6. Offline A/B comparison helper

orchestrator/profile_ab.py is the current offline comparison helper.

It consumes one or more trace JSON files from cohort A and cohort B, then reports:

  • median_total_elapsed_ms
  • median_event_count
  • median_phase_elapsed_ms
  • degraded_run_count
  • error_count
  • trace_schema_versions
  • source_files
  • recommendation tie-breaks across elapsed time, degradation count, and error count

This helper is intentionally offline-only: it does not re-run live providers or change the production runtime path.
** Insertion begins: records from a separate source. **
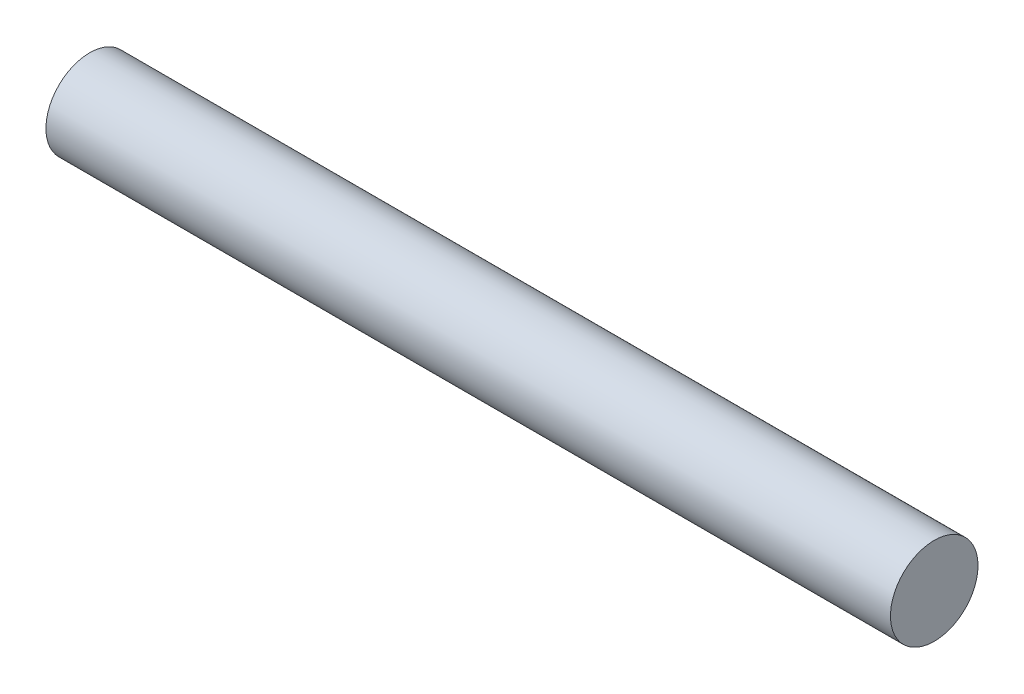
from build123d import *

# Parameters (mm, degrees)
SKETCH_1_R      = 5.7
EXTRUDE_1_DEPTH = 110


with BuildPart() as part:
    # 草图1 → 凸台-拉伸1 (new body)
    with BuildSketch(Plane(origin=(0, 0, 0), x_dir=(0, 0, -1), z_dir=(1, 0, 0))):
        Circle(SKETCH_1_R)
    extrude(amount=EXTRUDE_1_DEPTH)


solid = part.part
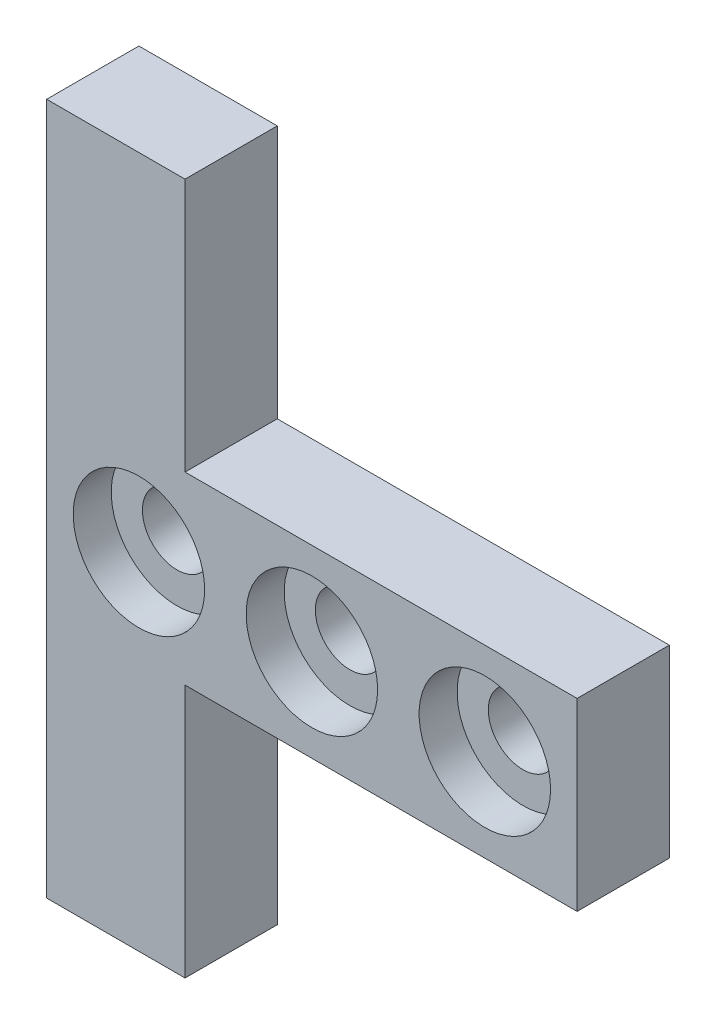
from build123d import *

# Parameters (mm, degrees)
CROQUIS2_R              = 1.5
SALIENTE_EXTRUIR1_DEPTH = 4
CROQUIS3_R              = 2.85
CORTAR_EXTRUIR1_DEPTH   = 1.65
CROQUIS4_W              = 4
CROQUIS4_H              = 11
CORTAR_EXTRUIR2_DEPTH   = 2


with BuildPart() as part:
    # Croquis2 → Saliente-Extruir1 (new body)
    with BuildSketch(Plane.XY):
        Polygon((38.497217209, -204.70543153), (46.497217209, -204.70543153), (46.497217209, -193.70543153), (61.497217209, -193.70543153), (61.497217209, -185.70543153), (46.497217209, -185.70543153), (46.497217209, -174.70543153), (38.497217209, -174.70543153), align=None)
        with Locations((42.497217209, -189.70543153)):
            Circle(CROQUIS2_R, mode=Mode.SUBTRACT)
        with Locations((57.497217209, -189.70543153)):
            Circle(CROQUIS2_R, mode=Mode.SUBTRACT)
        with Locations((49.997217209, -189.70543153)):
            Circle(CROQUIS2_R, mode=Mode.SUBTRACT)
    extrude(amount=SALIENTE_EXTRUIR1_DEPTH)

    # Croquis3 → Cortar-Extruir1 (cut)
    with BuildSketch(Plane.XY.offset(4)):
        with Locations((42.497217209, -189.70543153)):
            Circle(CROQUIS3_R)
        with Locations((49.997217209, -189.70543153)):
            Circle(CROQUIS3_R)
        with Locations((57.497217209, -189.70543153)):
            Circle(CROQUIS3_R)
    extrude(amount=-CORTAR_EXTRUIR1_DEPTH, mode=Mode.SUBTRACT)

    # Croquis4 → Cortar-Extruir2 (cut)
    with BuildSketch(Plane(origin=(46.497217209, 0, 0), x_dir=(0, 0, -1), z_dir=(1, 0, 0))):
        with Locations((-2, -199.20543153)):
            Rectangle(CROQUIS4_W, CROQUIS4_H)
        with Locations((-2, -180.20543153)):
            Rectangle(CROQUIS4_W, CROQUIS4_H)
    extrude(amount=-CORTAR_EXTRUIR2_DEPTH, mode=Mode.SUBTRACT)


solid = part.part

7. Minimal A/B harness guidance

Use python -m orchestrator.profile_stage_chain to generate traces, then python -m orchestrator.profile_ab to compare them.

6.1 Safe comparison knobs

Run the harness from the repo root as a module (python -m orchestrator.profile_stage_chain) so package imports resolve without extra path tweaking.

The smallest useful A/B comparisons are:

  • --analysis-prompt-style (for example compact vs another supported style)
  • --selected-analysts (for example a narrower analyst slice vs a broader slice)
  • provider/model/timeout settings while keeping the graph semantics fixed

Keep these fixed when doing an A/B comparison:

  • the same --ticker
  • the same --date
  • the same provider/model unless the provider/model itself is the experimental variable
  • the same --overall-timeout
  • max_debate_rounds = 1 and max_risk_discuss_rounds = 1 as currently baked into the harness

7.3 Example commands

python -m orchestrator.profile_stage_chain \
  --ticker AAPL \
  --date 2026-04-11 \
  --selected-analysts market \
  --analysis-prompt-style compact

python -m orchestrator.profile_stage_chain \
  --ticker AAPL \
  --date 2026-04-11 \
  --selected-analysts market \
  --analysis-prompt-style detailed

python -m orchestrator.profile_ab \
  --a orchestrator/profile_runs/compact \
  --b orchestrator/profile_runs/detailed \
  --label-a compact \
  --label-b detailed

Compare the generated JSON dumps by focusing on:

  • phase_totals_seconds
  • node_timings[].elapsed_ms
  • provenance changes (research_status, degraded_reason)
  • history/response growth (history_len, response_len)

8. Review guardrails

When modifying this area, keep these invariants intact unless a broader migration explicitly approves otherwise:

  1. Do not change the default path: normal successful runs should still stay in research_status = "full" and research_mode = "debate".
  2. Do not introduce structured memo output for degraded research unless all downstream consumers are migrated together.
  3. Preserve debate output shape: downstream readers still expect plain strings in history, bull_history, bear_history, current_response, judge_decision, and investment_plan.
  4. Keep provenance additive: provenance fields should explain degraded behavior, not replace the existing textual debate artifacts.